Hex has first-class SQL support via SQL cells, each of which is a fully fledged query IDE complete with autocompletion, caching, a Data browser, and more. Projects can have an unlimited number of SQL cells interleaved with Text, Code, Chart, or Input cells, creating an extremely flexible querying environment.
SQL Cell Principles
Hex's cell-based structure, along with a couple other Hex-specific features, makes for a more powerful but slightly different querying workflow than you may be used to. There are five key principles to understand about writing SQL in Hex:
- There are two kinds of SQL queries in Hex: Queries can run against a remote database or warehouse (data connection SQL), or against a local dataframe or .csv (dataframe SQL). Together, these two options let you execute some very powerful workflows.

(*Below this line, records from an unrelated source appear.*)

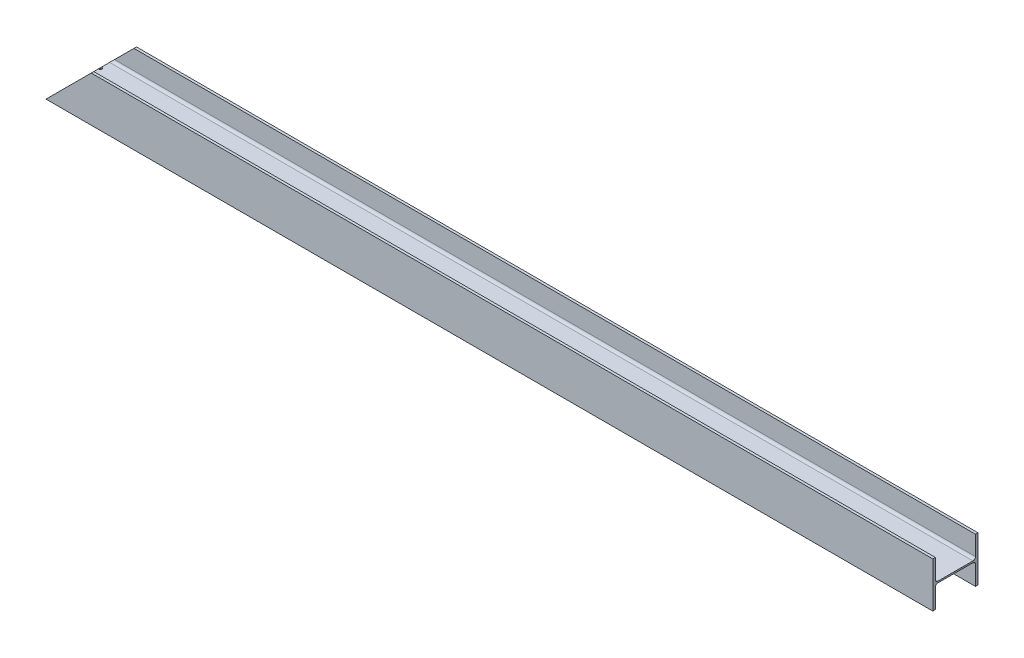
ISO-10303-21;
HEADER;
FILE_DESCRIPTION(('STEP AP214'),'2;1');
FILE_NAME('part.step','',(''),(''),'','','');
FILE_SCHEMA(('AUTOMOTIVE_DESIGN { 1 0 10303 214 1 1 1 1 }'));
ENDSEC;
DATA;
#1=APPLICATION_CONTEXT('core data for automotive mechanical design processes');
#2=APPLICATION_PROTOCOL_DEFINITION('international standard','automotive_design',2000,#1);
#3=PRODUCT_CONTEXT('',#1,'mechanical');
#4=PRODUCT('Part','Part','',(#3));
#5=PRODUCT_RELATED_PRODUCT_CATEGORY('part','',(#4));
#6=PRODUCT_DEFINITION_FORMATION('','',#4);
#7=PRODUCT_DEFINITION_CONTEXT('part definition',#1,'design');
#8=PRODUCT_DEFINITION('design','',#6,#7);
#9=PRODUCT_DEFINITION_SHAPE('','',#8);
#10=(LENGTH_UNIT() NAMED_UNIT(*) SI_UNIT(.MILLI.,.METRE.));
#11=(NAMED_UNIT(*) PLANE_ANGLE_UNIT() SI_UNIT($,.RADIAN.));
#12=(NAMED_UNIT(*) SI_UNIT($,.STERADIAN.) SOLID_ANGLE_UNIT());
#13=UNCERTAINTY_MEASURE_WITH_UNIT(LENGTH_MEASURE(1.E-05),#10,'distance_accuracy_value','');
#14=(GEOMETRIC_REPRESENTATION_CONTEXT(3) GLOBAL_UNCERTAINTY_ASSIGNED_CONTEXT((#13)) GLOBAL_UNIT_ASSIGNED_CONTEXT((#10,
#11,#12)) REPRESENTATION_CONTEXT('',''));
#15=CARTESIAN_POINT('',(0.,0.,0.));
#16=DIRECTION('',(0.,0.,1.));
#17=DIRECTION('',(1.,0.,0.));
#18=AXIS2_PLACEMENT_3D('',#15,#16,#17);
#19=CARTESIAN_POINT('',(-5000.,-127.,127.));
#20=DIRECTION('',(0.,-1.,0.));
#21=DIRECTION('',(0.,0.,-1.));
#22=AXIS2_PLACEMENT_3D('',#19,#20,#21);
#23=PLANE('',#22);
#24=DIRECTION('',(0.,0.,-1.));
#25=VECTOR('',#24,1.);
#26=CARTESIAN_POINT('',(-9.99999999999979,-127.,127.));
#27=LINE('',#26,#25);
#28=CARTESIAN_POINT('',(-9.99999999999979,-127.,127.));
#29=VERTEX_POINT('',#28);
#30=CARTESIAN_POINT('',(-9.99999999999979,-127.,112.8));
#31=VERTEX_POINT('',#30);
#32=EDGE_CURVE('E101',#29,#31,#27,.T.);
#33=ORIENTED_EDGE('',*,*,#32,.F.);
#34=DIRECTION('',(1.,0.,0.));
#35=VECTOR('',#34,1.);
#36=CARTESIAN_POINT('',(-5000.,-127.,127.));
#37=LINE('',#36,#35);
#38=CARTESIAN_POINT('',(-4990.,-126.999999999997,127.));
#39=VERTEX_POINT('',#38);
#40=EDGE_CURVE('E95',#39,#29,#37,.T.);
#41=ORIENTED_EDGE('',*,*,#40,.F.);
#42=DIRECTION('',(0.,0.,1.));
#43=VECTOR('',#42,1.);
#44=CARTESIAN_POINT('',(-4990.,-126.999999999998,-126.999999999996));
#45=LINE('',#44,#43);
#46=CARTESIAN_POINT('',(-4990.,-126.999999999997,112.8));
#47=VERTEX_POINT('',#46);
#48=EDGE_CURVE('E282',#47,#39,#45,.T.);
#49=ORIENTED_EDGE('',*,*,#48,.F.);
#50=DIRECTION('',(1.,0.,0.));
#51=VECTOR('',#50,1.);
#52=CARTESIAN_POINT('',(-5000.,-127.,112.8));
#53=LINE('',#52,#51);
#54=EDGE_CURVE('E284',#47,#31,#53,.T.);
#55=ORIENTED_EDGE('',*,*,#54,.T.);
#56=EDGE_LOOP('',(#33,#41,#49,#55));
#57=FACE_BOUND('',#56,.T.);
#58=ADVANCED_FACE('F88',(#57),#23,.T.);
#59=CARTESIAN_POINT('',(-5000.,-127.,127.));
#60=DIRECTION('',(0.,0.,-1.));
#61=DIRECTION('',(0.,1.,0.));
#62=AXIS2_PLACEMENT_3D('',#59,#60,#61);
#63=PLANE('',#62);
#64=DIRECTION('',(1.,0.,0.));
#65=VECTOR('',#64,1.);
#66=CARTESIAN_POINT('',(-5000.,127.,127.));
#67=LINE('',#66,#65);
#68=CARTESIAN_POINT('',(-4736.,127.000000000003,127.));
#69=VERTEX_POINT('',#68);
#70=CARTESIAN_POINT('',(-9.99999999999979,127.,127.));
#71=VERTEX_POINT('',#70);
#72=EDGE_CURVE('E271',#69,#71,#67,.T.);
#73=ORIENTED_EDGE('',*,*,#72,.F.);
#74=DIRECTION('',(0.707106781186547,0.707106781186548,0.));
#75=VECTOR('',#74,1.);
#76=CARTESIAN_POINT('',(-4990.,-126.999999999997,127.));
#77=LINE('',#76,#75);
#78=EDGE_CURVE('E246',#39,#69,#77,.T.);
#79=ORIENTED_EDGE('',*,*,#78,.F.);
#80=ORIENTED_EDGE('',*,*,#40,.T.);
#81=DIRECTION('',(0.,1.,0.));
#82=VECTOR('',#81,1.);
#83=CARTESIAN_POINT('',(-9.99999999999979,-127.,127.));
#84=LINE('',#83,#82);
#85=EDGE_CURVE('E279',#29,#71,#84,.T.);
#86=ORIENTED_EDGE('',*,*,#85,.T.);
#87=EDGE_LOOP('',(#73,#79,#80,#86));
#88=FACE_BOUND('',#87,.T.);
#89=ADVANCED_FACE('F278',(#88),#63,.F.);
#90=CARTESIAN_POINT('',(-5000.,127.,127.));
#91=DIRECTION('',(0.,-1.,0.));
#92=DIRECTION('',(0.,0.,-1.));
#93=AXIS2_PLACEMENT_3D('',#90,#91,#92);
#94=PLANE('',#93);
#95=DIRECTION('',(1.,0.,0.));
#96=VECTOR('',#95,1.);
#97=CARTESIAN_POINT('',(-5000.,127.000000000001,112.8));
#98=LINE('',#97,#96);
#99=CARTESIAN_POINT('',(-4736.,127.000000000003,112.8));
#100=VERTEX_POINT('',#99);
#101=CARTESIAN_POINT('',(-9.99999999999979,127.000000000001,112.8));
#102=VERTEX_POINT('',#101);
#103=EDGE_CURVE('E269',#100,#102,#98,.T.);
#104=ORIENTED_EDGE('',*,*,#103,.F.);
#105=DIRECTION('',(0.,0.,1.));
#106=VECTOR('',#105,1.);
#107=CARTESIAN_POINT('',(-4736.,127.000000000003,-127.));
#108=LINE('',#107,#106);
#109=EDGE_CURVE('E233',#100,#69,#108,.T.);
#110=ORIENTED_EDGE('',*,*,#109,.T.);
#111=ORIENTED_EDGE('',*,*,#72,.T.);
#112=DIRECTION('',(0.,0.,-1.));
#113=VECTOR('',#112,1.);
#114=CARTESIAN_POINT('',(-9.99999999999979,127.,127.));
#115=LINE('',#114,#113);
#116=EDGE_CURVE('E288',#71,#102,#115,.T.);
#117=ORIENTED_EDGE('',*,*,#116,.T.);
#118=EDGE_LOOP('',(#104,#110,#111,#117));
#119=FACE_BOUND('',#118,.T.);
#120=ADVANCED_FACE('F363',(#119),#94,.F.);
#121=CARTESIAN_POINT('',(-5000.,127.000000000001,112.8));
#122=DIRECTION('',(0.,0.,1.));
#123=DIRECTION('',(0.,-1.,0.));
#124=AXIS2_PLACEMENT_3D('',#121,#122,#123);
#125=PLANE('',#124);
#126=DIRECTION('',(1.,0.,0.));
#127=VECTOR('',#126,1.);
#128=CARTESIAN_POINT('',(-5000.,18.3000000000004,112.8));
#129=LINE('',#128,#127);
#130=CARTESIAN_POINT('',(-4844.7,18.3000000000004,112.8));
#131=VERTEX_POINT('',#130);
#132=CARTESIAN_POINT('',(-9.99999999999979,18.3000000000003,112.8));
#133=VERTEX_POINT('',#132);
#134=EDGE_CURVE('E267',#131,#133,#129,.T.);
#135=ORIENTED_EDGE('',*,*,#134,.F.);
#136=DIRECTION('',(0.707106781186547,0.707106781186548,0.));
#137=VECTOR('',#136,1.);
#138=CARTESIAN_POINT('',(-4868.,-4.99999999999787,112.8));
#139=LINE('',#138,#137);
#140=EDGE_CURVE('E373',#131,#100,#139,.T.);
#141=ORIENTED_EDGE('',*,*,#140,.T.);
#142=ORIENTED_EDGE('',*,*,#103,.T.);
#143=DIRECTION('',(0.,-1.,0.));
#144=VECTOR('',#143,1.);
#145=CARTESIAN_POINT('',(-9.99999999999979,127.000000000001,112.8));
#146=LINE('',#145,#144);
#147=EDGE_CURVE('E357',#102,#133,#146,.T.);
#148=ORIENTED_EDGE('',*,*,#147,.T.);
#149=EDGE_LOOP('',(#135,#141,#142,#148));
#150=FACE_BOUND('',#149,.T.);
#151=ADVANCED_FACE('F371',(#150),#125,.F.);
#152=CARTESIAN_POINT('',(-5000.,18.3000000000003,98.8));
#153=DIRECTION('',(1.,0.,0.));
#154=DIRECTION('',(0.,0.,-1.));
#155=AXIS2_PLACEMENT_3D('',#152,#153,#154);
#156=CYLINDRICAL_SURFACE('',#155,14.);
#157=DIRECTION('',(1.,0.,0.));
#158=VECTOR('',#157,1.);
#159=CARTESIAN_POINT('',(-5000.,4.30000000000035,98.8));
#160=LINE('',#159,#158);
#161=CARTESIAN_POINT('',(-4858.7,4.30000000000035,98.8));
#162=VERTEX_POINT('',#161);
#163=CARTESIAN_POINT('',(-9.99999999999979,4.30000000000035,98.8));
#164=VERTEX_POINT('',#163);
#165=EDGE_CURVE('E265',#162,#164,#160,.T.);
#166=ORIENTED_EDGE('',*,*,#165,.F.);
#167=CARTESIAN_POINT('',(-4844.7,18.3000000000003,98.8));
#168=DIRECTION('',(0.707106781186548,-0.707106781186547,0.));
#169=DIRECTION('',(0.707106781186547,0.707106781186548,0.));
#170=AXIS2_PLACEMENT_3D('',#167,#168,#169);
#171=ELLIPSE('',#170,19.7989898732233,14.);
#172=EDGE_CURVE('E376',#162,#131,#171,.F.);
#173=ORIENTED_EDGE('',*,*,#172,.T.);
#174=ORIENTED_EDGE('',*,*,#134,.T.);
#175=CARTESIAN_POINT('',(-9.99999999999979,18.3000000000003,98.8));
#176=DIRECTION('',(-1.,0.,0.));
#177=DIRECTION('',(0.,0.,1.));
#178=AXIS2_PLACEMENT_3D('',#175,#176,#177);
#179=CIRCLE('',#178,14.);
#180=EDGE_CURVE('E354',#133,#164,#179,.F.);
#181=ORIENTED_EDGE('',*,*,#180,.T.);
#182=EDGE_LOOP('',(#166,#173,#174,#181));
#183=FACE_BOUND('',#182,.T.);
#184=ADVANCED_FACE('F451',(#183),#156,.F.);
#185=CARTESIAN_POINT('',(-5000.,4.30000000000035,98.8));
#186=DIRECTION('',(0.,-1.,0.));
#187=DIRECTION('',(0.,0.,-1.));
#188=AXIS2_PLACEMENT_3D('',#185,#186,#187);
#189=PLANE('',#188);
#190=DIRECTION('',(1.,0.,0.));
#191=VECTOR('',#190,1.);
#192=CARTESIAN_POINT('',(-5000.,4.29999999999966,-98.8));
#193=LINE('',#192,#191);
#194=CARTESIAN_POINT('',(-4858.7,4.29999999999966,-98.8));
#195=VERTEX_POINT('',#194);
#196=CARTESIAN_POINT('',(-9.99999999999979,4.29999999999966,-98.8));
#197=VERTEX_POINT('',#196);
#198=EDGE_CURVE('E263',#195,#197,#193,.T.);
#199=ORIENTED_EDGE('',*,*,#198,.F.);
#200=DIRECTION('',(0.,0.,1.));
#201=VECTOR('',#200,1.);
#202=CARTESIAN_POINT('',(-4858.7,4.30000000000035,98.7999999999995));
#203=LINE('',#202,#201);
#204=CARTESIAN_POINT('',(-4858.70000000007,4.29999999993608,-53.8379861959636));
#205=VERTEX_POINT('',#204);
#206=EDGE_CURVE('E379',#195,#205,#203,.T.);
#207=ORIENTED_EDGE('',*,*,#206,.T.);
#208=CARTESIAN_POINT('',(-4857.,4.29999999993608,-45.0000000000148));
#209=DIRECTION('',(0.,1.,0.));
#210=DIRECTION('',(-1.,0.,0.));
#211=AXIS2_PLACEMENT_3D('',#208,#209,#210);
#212=CIRCLE('',#211,9.00000000000008);
#213=CARTESIAN_POINT('',(-4858.7,4.29999999993611,-36.1620138040537));
#214=VERTEX_POINT('',#213);
#215=EDGE_CURVE('E296',#214,#205,#212,.T.);
#216=ORIENTED_EDGE('',*,*,#215,.F.);
#217=CARTESIAN_POINT('',(-4858.70000000007,4.29999999993607,36.1620138040365));
#218=VERTEX_POINT('',#217);
#219=EDGE_CURVE('E381',#214,#218,#203,.T.);
#220=ORIENTED_EDGE('',*,*,#219,.T.);
#221=CARTESIAN_POINT('',(-4857.,4.29999999993607,44.9999999999852));
#222=DIRECTION('',(0.,1.,0.));
#223=DIRECTION('',(-1.,0.,0.));
#224=AXIS2_PLACEMENT_3D('',#221,#222,#223);
#225=CIRCLE('',#224,9.00000000000007);
#226=CARTESIAN_POINT('',(-4858.70000000007,4.29999999993607,53.837986195934));
#227=VERTEX_POINT('',#226);
#228=EDGE_CURVE('E292',#227,#218,#225,.T.);
#229=ORIENTED_EDGE('',*,*,#228,.F.);
#230=EDGE_CURVE('E661',#227,#162,#203,.T.);
#231=ORIENTED_EDGE('',*,*,#230,.T.);
#232=ORIENTED_EDGE('',*,*,#165,.T.);
#233=DIRECTION('',(0.,0.,-1.));
#234=VECTOR('',#233,1.);
#235=CARTESIAN_POINT('',(-9.99999999999979,4.30000000000035,98.8));
#236=LINE('',#235,#234);
#237=EDGE_CURVE('E351',#164,#197,#236,.T.);
#238=ORIENTED_EDGE('',*,*,#237,.T.);
#239=EDGE_LOOP('',(#199,#207,#216,#220,#229,#231,#232,#238));
#240=FACE_BOUND('',#239,.T.);
#241=ADVANCED_FACE('F454',(#240),#189,.F.);
#242=CARTESIAN_POINT('',(-5000.,18.2999999999997,-98.8000000000001));
#243=DIRECTION('',(1.,0.,0.));
#244=DIRECTION('',(0.,0.,-1.));
#245=AXIS2_PLACEMENT_3D('',#242,#243,#244);
#246=CYLINDRICAL_SURFACE('',#245,14.);
#247=CARTESIAN_POINT('',(-4844.7,18.2999999999997,-98.8000000000001));
#248=DIRECTION('',(0.707106781186548,-0.707106781186547,0.));
#249=DIRECTION('',(0.707106781186547,0.707106781186548,0.));
#250=AXIS2_PLACEMENT_3D('',#247,#248,#249);
#251=ELLIPSE('',#250,19.7989898732233,14.);
#252=CARTESIAN_POINT('',(-4844.7,18.2999999999996,-112.8));
#253=VERTEX_POINT('',#252);
#254=EDGE_CURVE('E385',#195,#253,#251,.T.);
#255=ORIENTED_EDGE('',*,*,#254,.F.);
#256=ORIENTED_EDGE('',*,*,#198,.T.);
#257=CARTESIAN_POINT('',(-9.99999999999979,18.2999999999997,-98.8000000000001));
#258=DIRECTION('',(-1.,0.,0.));
#259=DIRECTION('',(0.,0.,1.));
#260=AXIS2_PLACEMENT_3D('',#257,#258,#259);
#261=CIRCLE('',#260,14.);
#262=CARTESIAN_POINT('',(-9.99999999999979,18.2999999999996,-112.8));
#263=VERTEX_POINT('',#262);
#264=EDGE_CURVE('E348',#263,#197,#261,.T.);
#265=ORIENTED_EDGE('',*,*,#264,.F.);
#266=DIRECTION('',(1.,0.,0.));
#267=VECTOR('',#266,1.);
#268=CARTESIAN_POINT('',(-5000.,18.2999999999996,-112.8));
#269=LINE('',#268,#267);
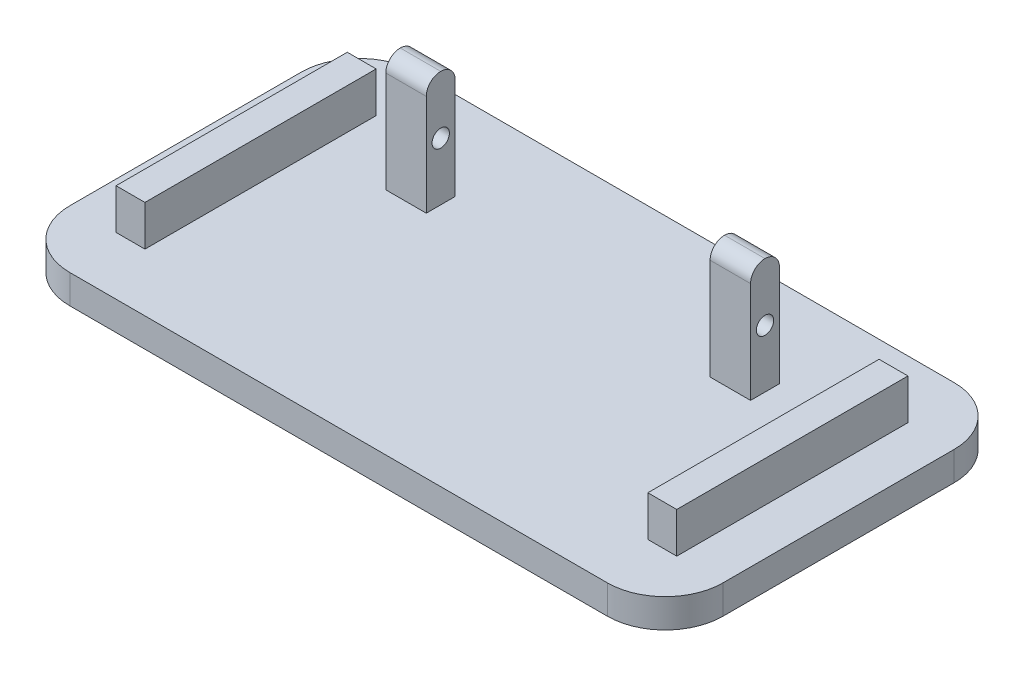
ISO-10303-21;
HEADER;
FILE_DESCRIPTION(('STEP AP214'),'2;1');
FILE_NAME('part.step','',(''),(''),'','','');
FILE_SCHEMA(('AUTOMOTIVE_DESIGN { 1 0 10303 214 1 1 1 1 }'));
ENDSEC;
DATA;
#1=APPLICATION_CONTEXT('core data for automotive mechanical design processes');
#2=APPLICATION_PROTOCOL_DEFINITION('international standard','automotive_design',2000,#1);
#3=PRODUCT_CONTEXT('',#1,'mechanical');
#4=PRODUCT('Part','Part','',(#3));
#5=PRODUCT_RELATED_PRODUCT_CATEGORY('part','',(#4));
#6=PRODUCT_DEFINITION_FORMATION('','',#4);
#7=PRODUCT_DEFINITION_CONTEXT('part definition',#1,'design');
#8=PRODUCT_DEFINITION('design','',#6,#7);
#9=PRODUCT_DEFINITION_SHAPE('','',#8);
#10=(LENGTH_UNIT() NAMED_UNIT(*) SI_UNIT(.MILLI.,.METRE.));
#11=(NAMED_UNIT(*) PLANE_ANGLE_UNIT() SI_UNIT($,.RADIAN.));
#12=(NAMED_UNIT(*) SI_UNIT($,.STERADIAN.) SOLID_ANGLE_UNIT());
#13=UNCERTAINTY_MEASURE_WITH_UNIT(LENGTH_MEASURE(1.E-05),#10,'distance_accuracy_value','');
#14=(GEOMETRIC_REPRESENTATION_CONTEXT(3) GLOBAL_UNCERTAINTY_ASSIGNED_CONTEXT((#13)) GLOBAL_UNIT_ASSIGNED_CONTEXT((#10,
#11,#12)) REPRESENTATION_CONTEXT('',''));
#15=CARTESIAN_POINT('',(0.,0.,0.));
#16=DIRECTION('',(0.,0.,1.));
#17=DIRECTION('',(1.,0.,0.));
#18=AXIS2_PLACEMENT_3D('',#15,#16,#17);
#19=CARTESIAN_POINT('',(79.785498489426,5.,-5.53323262839879));
#20=DIRECTION('',(0.,1.,0.));
#21=DIRECTION('',(0.,0.,1.));
#22=AXIS2_PLACEMENT_3D('',#19,#20,#21);
#23=PLANE('',#22);
#24=CARTESIAN_POINT('',(79.785498489426,5.,-5.53323262839879));
#25=DIRECTION('',(0.,1.,0.));
#26=DIRECTION('',(0.,0.,1.));
#27=AXIS2_PLACEMENT_3D('',#24,#25,#26);
#28=CIRCLE('',#27,10.);
#29=CARTESIAN_POINT('',(89.785498489426,5.,-5.53323262839872));
#30=VERTEX_POINT('',#29);
#31=CARTESIAN_POINT('',(79.7854984894259,5.,-15.5332326283988));
#32=VERTEX_POINT('',#31);
#33=EDGE_CURVE('E313',#30,#32,#28,.T.);
#34=ORIENTED_EDGE('',*,*,#33,.T.);
#35=DIRECTION('',(-1.,0.,0.));
#36=VECTOR('',#35,1.);
#37=CARTESIAN_POINT('',(-13.214501510574,5.,-15.5332326283988));
#38=LINE('',#37,#36);
#39=CARTESIAN_POINT('',(-13.214501510574,5.,-15.5332326283988));
#40=VERTEX_POINT('',#39);
#41=EDGE_CURVE('E316',#32,#40,#38,.T.);
#42=ORIENTED_EDGE('',*,*,#41,.T.);
#43=CARTESIAN_POINT('',(-13.214501510574,5.,-5.5332326283988));
#44=DIRECTION('',(0.,1.,0.));
#45=DIRECTION('',(0.,0.,-1.));
#46=AXIS2_PLACEMENT_3D('',#43,#44,#45);
#47=CIRCLE('',#46,10.);
#48=CARTESIAN_POINT('',(-23.214501510574,5.,-5.53323262839872));
#49=VERTEX_POINT('',#48);
#50=EDGE_CURVE('E319',#40,#49,#47,.T.);
#51=ORIENTED_EDGE('',*,*,#50,.T.);
#52=DIRECTION('',(0.,0.,1.));
#53=VECTOR('',#52,1.);
#54=CARTESIAN_POINT('',(-23.214501510574,5.,-5.53323262839872));
#55=LINE('',#54,#53);
#56=CARTESIAN_POINT('',(-23.214501510574,5.,34.4667673716011));
#57=VERTEX_POINT('',#56);
#58=EDGE_CURVE('E321',#49,#57,#55,.T.);
#59=ORIENTED_EDGE('',*,*,#58,.T.);
#60=CARTESIAN_POINT('',(-13.214501510574,5.,34.4667673716012));
#61=DIRECTION('',(0.,1.,0.));
#62=DIRECTION('',(0.,0.,-1.));
#63=AXIS2_PLACEMENT_3D('',#60,#61,#62);
#64=CIRCLE('',#63,10.);
#65=CARTESIAN_POINT('',(-13.214501510574,5.,44.4667673716012));
#66=VERTEX_POINT('',#65);
#67=EDGE_CURVE('E323',#57,#66,#64,.T.);
#68=ORIENTED_EDGE('',*,*,#67,.T.);
#69=DIRECTION('',(1.,0.,0.));
#70=VECTOR('',#69,1.);
#71=CARTESIAN_POINT('',(-13.214501510574,5.,44.4667673716012));
#72=LINE('',#71,#70);
#73=CARTESIAN_POINT('',(79.7854984894259,5.,44.4667673716012));
#74=VERTEX_POINT('',#73);
#75=EDGE_CURVE('E325',#66,#74,#72,.T.);
#76=ORIENTED_EDGE('',*,*,#75,.T.);
#77=CARTESIAN_POINT('',(79.785498489426,5.,34.4667673716012));
#78=DIRECTION('',(0.,1.,0.));
#79=DIRECTION('',(0.,0.,-1.));
#80=AXIS2_PLACEMENT_3D('',#77,#78,#79);
#81=CIRCLE('',#80,10.);
#82=CARTESIAN_POINT('',(89.785498489426,5.,34.4667673716011));
#83=VERTEX_POINT('',#82);
#84=EDGE_CURVE('E327',#74,#83,#81,.T.);
#85=ORIENTED_EDGE('',*,*,#84,.T.);
#86=DIRECTION('',(0.,0.,-1.));
#87=VECTOR('',#86,1.);
#88=CARTESIAN_POINT('',(89.785498489426,5.,-5.53323262839872));
#89=LINE('',#88,#87);
#90=EDGE_CURVE('E329',#83,#30,#89,.T.);
#91=ORIENTED_EDGE('',*,*,#90,.T.);
#92=EDGE_LOOP('',(#34,#42,#51,#59,#68,#76,#85,#91));
#93=FACE_BOUND('',#92,.T.);
#94=DIRECTION('',(1.,0.,0.));
#95=VECTOR('',#94,1.);
#96=CARTESIAN_POINT('',(1.73549848942599,5.,4.74755716237043));
#97=LINE('',#96,#95);
#98=CARTESIAN_POINT('',(1.73549848942599,5.,4.74755716237043));
#99=VERTEX_POINT('',#98);
#100=CARTESIAN_POINT('',(8.73549848942599,5.,4.74755716237042));
#101=VERTEX_POINT('',#100);
#102=EDGE_CURVE('E295',#99,#101,#97,.T.);
#103=ORIENTED_EDGE('',*,*,#102,.F.);
#104=DIRECTION('',(0.,0.,1.));
#105=VECTOR('',#104,1.);
#106=CARTESIAN_POINT('',(1.73549848942598,5.,-0.252442837629556));
#107=LINE('',#106,#105);
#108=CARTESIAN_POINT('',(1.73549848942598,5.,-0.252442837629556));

- Data connection SQL queries can return results as dataframes or queries: By default, SQL queries return their entire result set as a dataframe that can be operated on in memory. When working with larger datasets, it's more efficient to put a SQL cell into "query mode", which instead returns a query object— a lightweight "pointer" to the complete result set, with a 100 row preview.
- SQL queries can be chained together: Any SQL query can refer to previous SQL queries in a project to form "chains" of queries, much like a complex query might include many CTEs. You can use this chained SQL technique to split logic up atomically and make complex queries more readable.
- SQL queries can be parameterized with project logic: Values from other parts of project logic can be inserted into SQL queries using Jinja syntax. This lets you parameterize queries based on user input, the output of an earlier query, or Python code to build complex user-facing data applications powered by SQL.
- SQL queries are reactive to updates and user input: Queries will reactively re-run whenever their inputs or dependencies change, making for fast iteration and immediate feedback loops. Project state will always be up to date, even across many SQL, Python, or other cells.
When should I use data connection SQL vs dataframe SQL?
This decision is often made for you by the location of data. If data is in a database or warehouse, you must use data connection SQL. If it's in a dataframe or a .csv, you must use dataframe SQL.
However, you can build clever and complex things by combining these two in more fluid ways, from "Chained SQL" workflows that replace subqueries to powerful cross-database joins. Some examples of when you might reach for dataframe SQL over data connection SQL:
- If you need to run an intermediary operation in Python. Say you run a Snowflake SQL query, and then need to geocode a column using Python. Dataframe SQL will let you write SQL against the output of that intermediary geocoding operation, even though that data is no longer in Snowflake.
- If you need to query data from a .csv file. Dataframe SQL can directly run queries against uploaded files, with just a
SELECT * FROM "file_name.csv".
- If you need to join data across different data sources. You can run two data connection SQL queries, one against a Snowflake connection and one against a Redshift DB, and then join the two dataframe outputs together using a Dataframe SQL query.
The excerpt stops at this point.